The working 16+ population of just the West Lancashire area alone is about 425,000 (6) – the average direct rig-based employment figure calculated here for shale gas extraction across the entire UK would equate to half a percent of that West Lancashire figure. … 0.5% percent.
It follows therefore that it would be a gross exaggeration to suggest that a 100 well pad UK-wide industry could have a significant impact, in terms of direct employment, on the local economies which we fear may be forced to host it against their wishes.
Now, we must acknowledge the additional indirect and induced jobs that would also be generated. The ratio of indirect and induced to direct employment in Pennsylvania was assessed in the Regeneris report (7) as being in the order of 1 to 1.
That would suggest that the total direct, indirect and induced employment across the UK as a whole, created by these 100 well pads, might be 7,200 FTEs at peak for just 5 years and 4,500 FTEs on average over 16 years.
Compare this to the 27,000 jobs (8) already lost or under threat nationally because of the government’s cuts in support to the solar industry alone.

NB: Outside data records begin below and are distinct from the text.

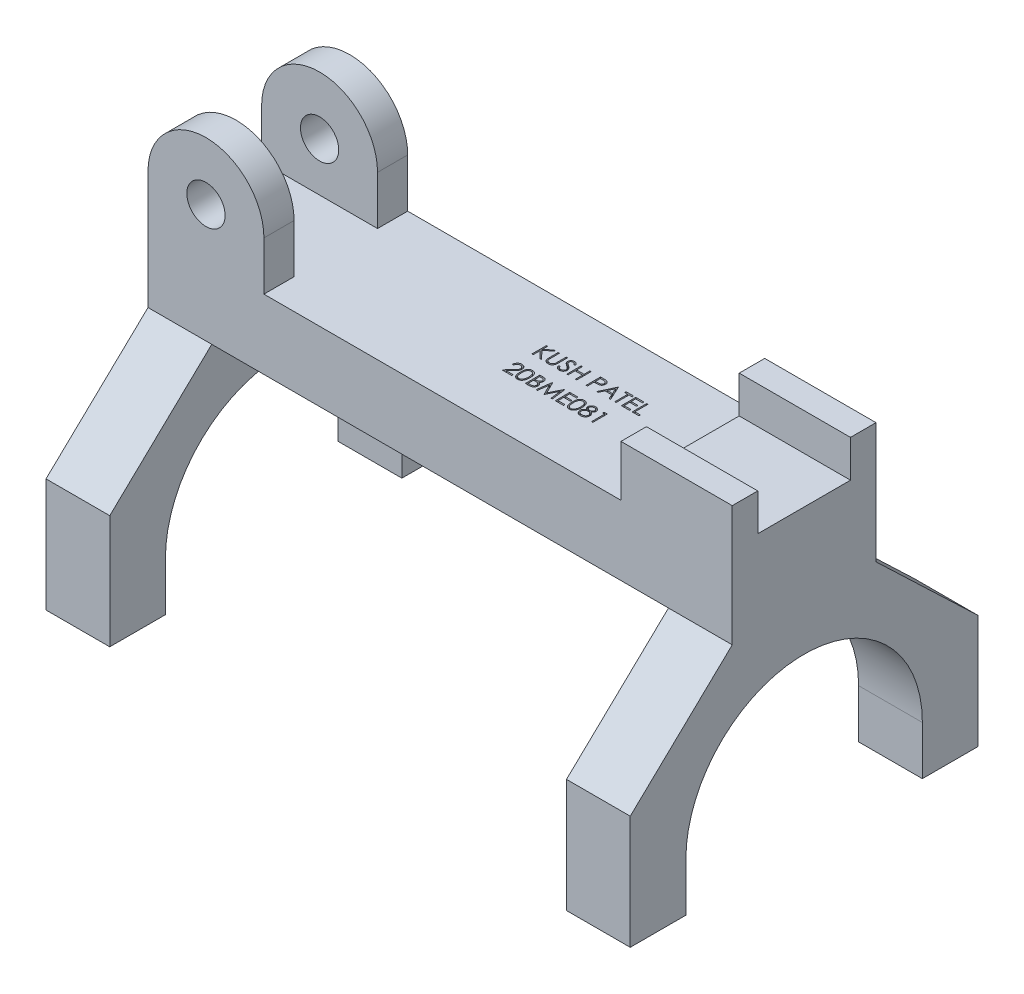
from build123d import *

# Parameters (mm, degrees)
SKETCH1_W             = 13.97
SKETCH1_H             = 46.228
BOSS_EXTRUDE1_DEPTH   = 76.2
BOSS_EXTRUDE1_2_DEPTH = 76.2
CUT_EXTRUDE1_DEPTH    = 128.016
CUT_EXTRUDE2_DEPTH    = 128.016
SKETCH4_W             = 128.016
SKETCH4_H             = 31.496
BOSS_EXTRUDE3_DEPTH   = 15.24
BOSS_EXTRUDE4_DEPTH   = 31.496
SKETCH6_W             = 18.288
SKETCH6_H             = 26.059231169
CUT_EXTRUDE3_DEPTH    = 42.164
SKETCH7_W             = 24.384
SKETCH7_H             = 31.496
BOSS_EXTRUDE5_DEPTH   = 3.048
SKETCH8_W             = 24.384
SKETCH8_H             = 5.588
BOSS_EXTRUDE6_DEPTH   = 8.128
SKETCH9_R             = 4.191
CUT_EXTRUDE4_DEPTH    = 31.496
CUT_EXTRUDE5_DEPTH    = 2.54


with BuildPart() as part:
    # Sketch1 → Boss-Extrude1 (new body)
    with BuildSketch(Plane.XY):
        with Locations((-51.859154672, 23.114)):
            Rectangle(SKETCH1_W, SKETCH1_H)
    extrude(amount=BOSS_EXTRUDE1_DEPTH)


with BuildPart() as body_2:
    # Sketch1 → Boss-Extrude1 2 (new body)
    with BuildSketch(Plane.XY):
        with Locations((62.186845328, 23.114)):
            Rectangle(SKETCH1_W, SKETCH1_H)
    extrude(amount=BOSS_EXTRUDE1_2_DEPTH)


with BuildPart() as cut_extrude1_tool:
    # Sketch2 → Cut-Extrude1 (new body)
    with BuildSketch(Plane(origin=(69.171845328, 0, 0), x_dir=(0, 0, -1), z_dir=(1, 0, 0))):
        with BuildLine():
            Line((-64.008, 10.668), (-64.008, 0))
            Line((-64.008, 0), (-12.192, 0))
            Line((-12.192, 0), (-12.192, 10.668))
            ThreePointArc((-12.192, 10.668), (-38.1, 36.576), (-64.008, 10.668))
        make_face()
    extrude(amount=-CUT_EXTRUDE1_DEPTH)


with BuildPart() as part_1:
    add(part.part)

    # Cut-Extrude1: cut by cut_extrude1_tool
    add(cut_extrude1_tool.part, mode=Mode.SUBTRACT)


with BuildPart() as body_2_1:
    add(body_2.part)

    # Cut-Extrude1: cut by cut_extrude1_tool
    add(cut_extrude1_tool.part, mode=Mode.SUBTRACT)


with BuildPart() as cut_extrude2_tool:
    # Sketch3 → Cut-Extrude2 (new body)
    with BuildSketch(Plane.ZY.offset(58.844154672)):
        Polygon((0, 24.892), (22.352, 46.228), (0, 46.228), align=None)
        Polygon((76.2, 46.228), (53.848, 46.228), (76.2, 24.892), align=None)
    extrude(amount=-CUT_EXTRUDE2_DEPTH)


with BuildPart() as part_2:
    add(part_1.part)

    # Cut-Extrude2: cut by cut_extrude2_tool
    add(cut_extrude2_tool.part, mode=Mode.SUBTRACT)



with BuildPart() as body_2_2:
    add(body_2_1.part)

    # Cut-Extrude2: cut by cut_extrude2_tool
    add(cut_extrude2_tool.part, mode=Mode.SUBTRACT)


with BuildPart() as part_3:
    add(part_2.part)

    add(body_2_2.part)  # Boss-Extrude3 merges body 2
    # Sketch4 → Boss-Extrude3 (add)
    with BuildSketch(Plane(origin=(0, 46.228, 0), x_dir=(1, 0, 0), z_dir=(0, 1, 0))):
        with Locations((5.163845328, -38.1)):
            Rectangle(SKETCH4_W, SKETCH4_H)
    extrude(amount=BOSS_EXTRUDE3_DEPTH)

    # Sketch5 → Boss-Extrude4 (add)
    with BuildSketch(Plane.XY.offset(53.848)):
        with BuildLine():
            Line((-58.844154672, 61.468), (-58.844154672, 72.136))
            ThreePointArc((-58.844154672, 72.136), (-46.144154672, 84.836), (-33.444154672, 72.136))
            Line((-33.444154672, 72.136), (-33.444154672, 61.468))
            Line((-33.444154672, 61.468), (-58.844154672, 61.468))
        make_face()
    extrude(amount=-BOSS_EXTRUDE4_DEPTH)

    # Sketch6 → Cut-Extrude3 (cut)
    with BuildSketch(Plane.ZY.offset(58.844154672)):
        with Locations((38.1, 74.497615585)):
            Rectangle(SKETCH6_W, SKETCH6_H)
    extrude(amount=-CUT_EXTRUDE3_DEPTH, mode=Mode.SUBTRACT)

    # Sketch7 → Boss-Extrude5 (add)
    with BuildSketch(Plane(origin=(0, 61.468, 0), x_dir=(1, 0, 0), z_dir=(0, 1, 0))):
        with Locations((56.979845328, -38.1)):
            Rectangle(SKETCH7_W, SKETCH7_H)
    extrude(amount=BOSS_EXTRUDE5_DEPTH)

    # Sketch8 → Boss-Extrude6 (add)
    with BuildSketch(Plane(origin=(0, 64.516, 0), x_dir=(1, 0, 0), z_dir=(0, 1, 0))):
        with Locations((56.979845328, -51.054)):
            Rectangle(SKETCH8_W, SKETCH8_H)
        with Locations((56.979845328, -25.146)):
            Rectangle(SKETCH8_W, SKETCH8_H)
    extrude(amount=BOSS_EXTRUDE6_DEPTH)

    # Sketch9 → Cut-Extrude4 (cut)
    with BuildSketch(Plane.XY.offset(53.848)):
        with Locations((-46.144154672, 72.136)):
            Circle(SKETCH9_R)
    extrude(amount=-CUT_EXTRUDE4_DEPTH, mode=Mode.SUBTRACT)

    # Sketch10 → Cut-Extrude5 (cut)
    # profile 1 of 17: a face of its own
    with BuildSketch(Plane(origin=(0, 61.468, 0), x_dir=(1, 0, 0), z_dir=(0, 1, 0))):
        Polygon((7.261311191, -32.680807402), (7.546247089, -32.680807402), (7.546247089, -33.889876914), (8.869799773, -32.680807402), (9.276215037, -32.680807402), (7.716063795, -34.10548689), (9.398330422, -35.855807402), (9.018627898, -35.855807402), (7.546247089, -34.323640936), (7.546247089, -35.855807402), (7.261311191, -35.855807402), align=None)
    # profile 2 of 17: a face of its own
    with BuildSketch(Plane(origin=(0, 61.468, 0), x_dir=(1, 0, 0), z_dir=(0, 1, 0))):
        with BuildLine():
            Line((9.866439396, -32.680807402), (10.151375294, -32.680807402))
            Line((10.151375294, -32.680807402), (10.151375294, -34.583136128))
            add(Edge.make_bspline(
                [(10.151375294, -34.583136128), (10.15133289, -34.610060796), (10.151252422, -34.661154992), (10.151789917, -34.733879093), (10.153295201, -34.798533395), (10.154244218, -34.855367118), (10.156355442, -34.904119467), (10.158077241, -34.945054571), (10.160291175, -34.977978597), (10.162951931, -34.997192723), (10.164095646, -35.005451833)],
                knots=[0, 0, 0, 0, 1.528628734, 2.90083645, 4.128790002, 5.200304208, 6.127813768, 6.898992206, 7.526736466, 8, 8, 8, 8], degree=3))
            add(Edge.make_bspline(
                [(10.164095646, -35.005451833), (10.168792341, -35.03524854), (10.177921089, -35.093163016), (10.201186017, -35.175629814), (10.233677607, -35.249953352), (10.27217951, -35.31845288), (10.322918379, -35.379221799), (10.383700158, -35.435203084), (10.457339991, -35.484163222), (10.539219254, -35.528931458), (10.627470863, -35.564913354), (10.717651083, -35.59212162), (10.808404357, -35.608703194), (10.869161306, -35.610623197), (10.899332025, -35.611576633)],
                knots=[0, 0, 0, 0, 1.035780045, 2.013197591, 2.933192213, 3.817615948, 4.702609284, 5.640816605, 6.646850145, 7.73207398, 8.84249596, 9.914020372, 10.964143139, 12, 12, 12, 12], degree=3))
            add(Edge.make_bspline(
                [(10.899332025, -35.611576633), (10.925234346, -35.610602498), (10.976889384, -35.608659853), (11.053639504, -35.59662984), (11.128388174, -35.574948613), (11.201504505, -35.546972546), (11.270040041, -35.51000866), (11.33403302, -35.467308684), (11.391150303, -35.417224532), (11.443272916, -35.361797791), (11.48866175, -35.299259544), (11.528005572, -35.230971519), (11.560232665, -35.15590604), (11.576147148, -35.103151671), (11.58432301, -35.07604979)],
                knots=[0, 0, 0, 0, 0.994687771, 1.983630487, 2.973142513, 3.978332533, 4.983357753, 5.956394766, 6.925816176, 7.893390482, 8.871859704, 9.88551698, 10.913711441, 12, 12, 12, 12], degree=3))
            add(Edge.make_bspline(
                [(11.58432301, -35.07604979), (11.587044552, -35.064847869), (11.593109245, -35.039885475), (11.598776207, -34.997684018), (11.604678556, -34.947891524), (11.608773915, -34.890150237), (11.612766451, -34.82465364), (11.615155024, -34.751060535), (11.616259047, -34.669638149), (11.61658805, -34.612817295), (11.616759909, -34.583136128)],
                knots=[0, 0, 0, 0, 0.558680831, 1.244966039, 2.062412453, 2.990489873, 4.051219941, 5.244515665, 6.560634259, 8, 8, 8, 8], degree=3))
            Line((11.616759909, -34.583136128), (11.616759909, -32.680807402))
            Line((11.616759909, -32.680807402), (11.901695807, -32.680807402))
            Line((11.901695807, -32.680807402), (11.901695807, -34.598400551))
            add(Edge.make_bspline(
                [(11.901695807, -34.598400551), (11.901465283, -34.632961224), (11.901015403, -34.700408477), (11.897114165, -34.799242924), (11.890893887, -34.892998843), (11.882105407, -34.981688836), (11.870460411, -35.064995538), (11.857510747, -35.143649149), (11.841019313, -35.217085078), (11.821757585, -35.285875914), (11.799738009, -35.351358487), (11.771216396, -35.413505587), (11.739081314, -35.474206507), (11.700968022, -35.532543149), (11.658140553, -35.588773808), (11.609652243, -35.642557468), (11.557106754, -35.694753603), (11.499630582, -35.744023313), (11.438171177, -35.789206899), (11.372911359, -35.828937734), (11.304352432, -35.862523444), (11.23267261, -35.890169461), (11.157841305, -35.910956276), (11.079856628, -35.926445882), (10.998541074, -35.935247252), (10.943237422, -35.936555288), (10.915232465, -35.937217659)],
                knots=[0, 0, 0, 0, 1.316592851, 2.569410997, 3.76748051, 4.895814652, 5.963796859, 6.97159953, 7.931736103, 8.829262218, 9.692595152, 10.560224239, 11.431080259, 12.30701507, 13.211635791, 14.121146779, 15.063487852, 16.031507147, 17.00238618, 17.966455255, 18.938106653, 19.907068911, 20.888905087, 21.893141452, 22.933117798, 24, 24, 24, 24], degree=3))
            add(Edge.make_bspline(
                [(10.915232465, -35.937217659), (10.884689779, -35.936505765), (10.824765139, -35.935109031), (10.736465606, -35.927105536), (10.6518163, -35.912030278), (10.569923183, -35.892835186), (10.491901189, -35.866361368), (10.416704993, -35.835429497), (10.345622475, -35.79744084), (10.277500465, -35.755173976), (10.214159437, -35.70761734), (10.156013935, -35.655783039), (10.102967967, -35.600501411), (10.05591565, -35.541173937), (10.014077419, -35.478262031), (9.978036439, -35.411587721), (9.947090853, -35.341176819), (9.931119182, -35.292233559), (9.923044965, -35.267491096)],
                knots=[0, 0, 0, 0, 1.13879206, 2.234305948, 3.301075583, 4.341971843, 5.366689343, 6.369221514, 7.369726634, 8.367512178, 9.355451585, 10.318319045, 11.268648973, 12.207971039, 13.137398894, 14.081662264, 15.030215811, 16, 16, 16, 16], degree=3))
            add(Edge.make_bspline(
                [(9.923044965, -35.267491096), (9.918348543, -35.250588689), (9.908161899, -35.213926993), (9.897253236, -35.153251392), (9.888082855, -35.08338786), (9.879459956, -35.004331613), (9.87437183, -34.916021377), (9.86991101, -34.818495432), (9.86640797, -34.711635852), (9.866428628, -34.637200685), (9.866439396, -34.598400551)],
                knots=[0, 0, 0, 0, 0.625038921, 1.35572334, 2.194682327, 3.136881307, 4.189498639, 5.346923369, 6.617055217, 8, 8, 8, 8], degree=3))
            Line((9.866439396, -34.598400551), (9.866439396, -32.680807402))
        make_face()
    # profile 3 of 17: a face of its own
    with BuildSketch(Plane(origin=(0, 61.468, 0), x_dir=(1, 0, 0), z_dir=(0, 1, 0))):
        with BuildLine():
            Line((12.390157345, -35.243322426), (12.658556784, -35.082409966))
            add(Edge.make_bspline(
                [(12.658556784, -35.082409966), (12.683519757, -35.124196944), (12.731347848, -35.204259181), (12.811132295, -35.312443261), (12.893802865, -35.404393217), (12.97997176, -35.47957414), (13.069113013, -35.538764201), (13.161808548, -35.580676226), (13.25774599, -35.606816432), (13.323036528, -35.60999151), (13.355632105, -35.611576633)],
                knots=[0, 0, 0, 0, 1.272034388, 2.437168799, 3.508375237, 4.49857839, 5.41946034, 6.295179144, 7.148887113, 8, 8, 8, 8], degree=3))
            add(Edge.make_bspline(
                [(13.355632105, -35.611576633), (13.383469471, -35.610801323), (13.438657115, -35.609264269), (13.519902864, -35.594495256), (13.598807785, -35.571805682), (13.67374562, -35.53931098), (13.743682356, -35.499996782), (13.805011287, -35.452511321), (13.858030261, -35.39934712), (13.901399958, -35.340035712), (13.93467399, -35.276248013), (13.960248224, -35.210774114), (13.97444054, -35.142585484), (13.976578452, -35.096674564), (13.977657345, -35.07350572)],
                knots=[0, 0, 0, 0, 1.095163259, 2.171163733, 3.241058638, 4.321873601, 5.38011039, 6.391990106, 7.366004449, 8.327778327, 9.272591725, 10.192022065, 11.087607919, 12, 12, 12, 12], degree=3))
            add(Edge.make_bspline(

Compare this to the jobs that might be permanently lost in tourism and agriculture.
UK employment is about 31.3 million, so peak total shale gas-related employment might equate, for just 5 years, to approximately two hundredths of 1 % (0.02%) of total UK employment.
The claim that shale gas is going to have a significant employment impact on either a local or a national scale, at either a development or a production phase can simply not be substantiated, for all of the waffle about Aberdeen and fanciful studies involving optimistic multipliers.
I would respectfully ask you Madam to exercise due caution when presented with any arguments claiming that a shale gas industry will have a nationally or even locally significant positive impact on employment.
I would also ask you to balance the minimal and temporary positive impacts associated with fracking against the possible permanent negative impacts on industries including farming, dairies and, (as has been admitted during this Inquiry by Cuadrilla’s witness, Mark Smith), tourism.
These temporary benefits also need to be balanced against potential significant negative impacts on the health and amenity value of local communities and the environment as a whole, and in particular on the issues on which this hearing has been focused – landscape and traffic
On that basis Madam, I would ask you to recommend rejection of these appeals.